Imperterrito, Zirkzee torna ancora ogni tanto al suo primo club. Il campo è dietro l’angolo da dove è cresciuto, in un sonnolento sobborgo di Spijkenisse, una cittadina a sud-ovest di Rotterdam.
I suoi genitori, Remco e Doris, iniziarono a portare Zirkzee ad allenarsi all’Hekelingen dopo essere stato respinto da un altro club locale perché troppo giovane. All’epoca aveva solo quattro anni, ma Verbeek riconobbe immediatamente il suo talento.
«Suo padre disse, ‘Quanto è speciale?’. Io risposi molto speciale», ricorda. «Non l’avevo mai visto prima. Ogni anno ho 80 giocatori dai tre anni e mezzo ai sei, ma lui aveva un sacco di abilità. Poteva andare per tutto il campo, senza che nessuno gli si mettesse di mezzo».
Verbeek ricorda che Remco filmava le partite di Zirkzee da bordo campo, così da poter aiutare il figlio a capire dove migliorare.
Il desiderio del padre di mettere alla prova il talento di Zirkzee lo portò infine allo Spartaan’20, dove ogni anno circa 2.500 giocatori di età compresa tra i cinque e i 17 anni provenienti da Rotterdam e dalle zone limitrofe fanno domanda di adesione.

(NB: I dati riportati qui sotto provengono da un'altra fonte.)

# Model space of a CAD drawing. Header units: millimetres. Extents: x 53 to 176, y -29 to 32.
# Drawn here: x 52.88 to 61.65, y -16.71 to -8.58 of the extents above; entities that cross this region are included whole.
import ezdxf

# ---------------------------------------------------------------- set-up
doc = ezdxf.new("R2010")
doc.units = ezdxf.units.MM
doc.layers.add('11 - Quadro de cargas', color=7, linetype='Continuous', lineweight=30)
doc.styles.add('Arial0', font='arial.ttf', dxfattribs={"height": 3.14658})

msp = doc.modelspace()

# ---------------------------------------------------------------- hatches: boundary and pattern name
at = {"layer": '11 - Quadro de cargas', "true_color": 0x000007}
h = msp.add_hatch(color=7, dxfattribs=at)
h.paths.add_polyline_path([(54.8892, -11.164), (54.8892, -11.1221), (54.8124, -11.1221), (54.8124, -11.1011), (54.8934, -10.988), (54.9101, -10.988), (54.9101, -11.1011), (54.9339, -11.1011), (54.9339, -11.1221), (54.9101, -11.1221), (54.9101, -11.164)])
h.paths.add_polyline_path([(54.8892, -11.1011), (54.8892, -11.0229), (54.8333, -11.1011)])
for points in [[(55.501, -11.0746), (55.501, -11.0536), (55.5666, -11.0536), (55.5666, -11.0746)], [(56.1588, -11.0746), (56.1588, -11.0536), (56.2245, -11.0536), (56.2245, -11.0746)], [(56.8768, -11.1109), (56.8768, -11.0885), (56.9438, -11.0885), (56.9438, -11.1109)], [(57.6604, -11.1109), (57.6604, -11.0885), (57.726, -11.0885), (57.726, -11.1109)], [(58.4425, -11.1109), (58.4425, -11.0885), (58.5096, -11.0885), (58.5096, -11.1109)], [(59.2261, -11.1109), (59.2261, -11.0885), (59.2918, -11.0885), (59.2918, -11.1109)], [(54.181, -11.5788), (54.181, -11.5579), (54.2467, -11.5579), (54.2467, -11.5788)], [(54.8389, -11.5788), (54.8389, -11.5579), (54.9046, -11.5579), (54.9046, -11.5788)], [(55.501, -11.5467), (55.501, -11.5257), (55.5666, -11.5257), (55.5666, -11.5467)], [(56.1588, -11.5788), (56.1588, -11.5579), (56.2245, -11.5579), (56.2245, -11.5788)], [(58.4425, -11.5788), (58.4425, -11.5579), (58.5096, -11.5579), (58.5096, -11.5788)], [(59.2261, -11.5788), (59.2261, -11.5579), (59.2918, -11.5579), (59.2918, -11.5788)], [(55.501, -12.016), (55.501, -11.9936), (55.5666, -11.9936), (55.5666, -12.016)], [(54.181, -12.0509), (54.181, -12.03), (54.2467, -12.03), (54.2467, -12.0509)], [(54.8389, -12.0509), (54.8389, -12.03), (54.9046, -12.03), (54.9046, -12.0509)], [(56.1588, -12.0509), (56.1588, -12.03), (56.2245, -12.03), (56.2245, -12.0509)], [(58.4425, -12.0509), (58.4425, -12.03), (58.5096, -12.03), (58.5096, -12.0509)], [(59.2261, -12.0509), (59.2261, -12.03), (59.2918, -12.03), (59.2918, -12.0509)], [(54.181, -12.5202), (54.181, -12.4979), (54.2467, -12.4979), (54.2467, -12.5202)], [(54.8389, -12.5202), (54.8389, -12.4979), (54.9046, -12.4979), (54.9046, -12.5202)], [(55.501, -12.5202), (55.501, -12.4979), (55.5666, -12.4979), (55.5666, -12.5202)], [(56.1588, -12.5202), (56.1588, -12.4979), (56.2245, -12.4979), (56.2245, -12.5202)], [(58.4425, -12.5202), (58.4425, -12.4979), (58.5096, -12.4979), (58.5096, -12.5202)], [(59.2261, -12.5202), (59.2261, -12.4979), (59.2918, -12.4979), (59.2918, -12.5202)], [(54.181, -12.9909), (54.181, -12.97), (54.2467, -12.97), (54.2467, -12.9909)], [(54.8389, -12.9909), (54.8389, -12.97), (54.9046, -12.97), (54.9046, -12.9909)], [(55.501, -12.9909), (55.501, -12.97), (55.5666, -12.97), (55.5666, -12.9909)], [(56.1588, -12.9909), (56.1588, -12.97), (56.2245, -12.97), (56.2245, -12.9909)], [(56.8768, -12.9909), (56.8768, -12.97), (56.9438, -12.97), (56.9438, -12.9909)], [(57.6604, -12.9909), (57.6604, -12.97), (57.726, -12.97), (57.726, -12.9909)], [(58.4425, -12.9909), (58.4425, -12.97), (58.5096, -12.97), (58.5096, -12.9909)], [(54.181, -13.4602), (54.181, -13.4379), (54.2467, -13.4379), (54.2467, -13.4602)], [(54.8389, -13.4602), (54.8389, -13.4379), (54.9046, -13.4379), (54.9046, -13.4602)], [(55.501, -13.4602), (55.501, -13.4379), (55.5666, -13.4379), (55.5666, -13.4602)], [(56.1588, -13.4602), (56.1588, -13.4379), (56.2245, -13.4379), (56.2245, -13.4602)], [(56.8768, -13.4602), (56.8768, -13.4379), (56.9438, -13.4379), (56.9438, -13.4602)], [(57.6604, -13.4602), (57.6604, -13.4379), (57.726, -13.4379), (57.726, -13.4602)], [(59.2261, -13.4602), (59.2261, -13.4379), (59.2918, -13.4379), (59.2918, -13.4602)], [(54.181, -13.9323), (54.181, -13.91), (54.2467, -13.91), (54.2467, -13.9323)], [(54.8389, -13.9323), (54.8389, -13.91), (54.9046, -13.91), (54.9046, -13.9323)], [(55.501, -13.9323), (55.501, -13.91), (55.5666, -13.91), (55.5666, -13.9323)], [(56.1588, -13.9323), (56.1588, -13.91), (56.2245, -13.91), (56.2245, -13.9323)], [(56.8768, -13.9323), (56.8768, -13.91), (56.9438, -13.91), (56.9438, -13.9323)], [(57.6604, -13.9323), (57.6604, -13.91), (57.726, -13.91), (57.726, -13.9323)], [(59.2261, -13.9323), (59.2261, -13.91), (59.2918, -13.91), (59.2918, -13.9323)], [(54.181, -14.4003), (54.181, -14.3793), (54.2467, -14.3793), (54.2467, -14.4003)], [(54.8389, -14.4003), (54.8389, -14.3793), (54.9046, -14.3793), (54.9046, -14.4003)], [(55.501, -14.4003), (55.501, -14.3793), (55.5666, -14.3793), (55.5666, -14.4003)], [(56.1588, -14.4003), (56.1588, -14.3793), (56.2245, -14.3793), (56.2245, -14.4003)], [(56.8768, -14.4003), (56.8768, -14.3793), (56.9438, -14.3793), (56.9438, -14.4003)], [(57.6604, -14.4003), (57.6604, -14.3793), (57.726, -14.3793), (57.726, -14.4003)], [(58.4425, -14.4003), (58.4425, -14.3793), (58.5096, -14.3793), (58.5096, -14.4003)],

Solo una manciata di loro viene selezionata.
Zirkzee arrivò all’età di nove anni, ma giocò un anno più grande nella squadra under 11 allenata da Willemse, con Remco che voleva che le evidenti doti naturali del figlio fossero sviluppate e stimolate.
Ciò si è rivelato più facile a dirsi che a farsi. Zirkzee era alto per un bambino di nove anni, con una fisicità che gli avrebbe permesso di dominare la maggior parte degli avversari, ma questo era combinato con una notevole abilità tecnica. «A quel tempo era già completo, piede sinistro e piede destro», ricorda Willemse.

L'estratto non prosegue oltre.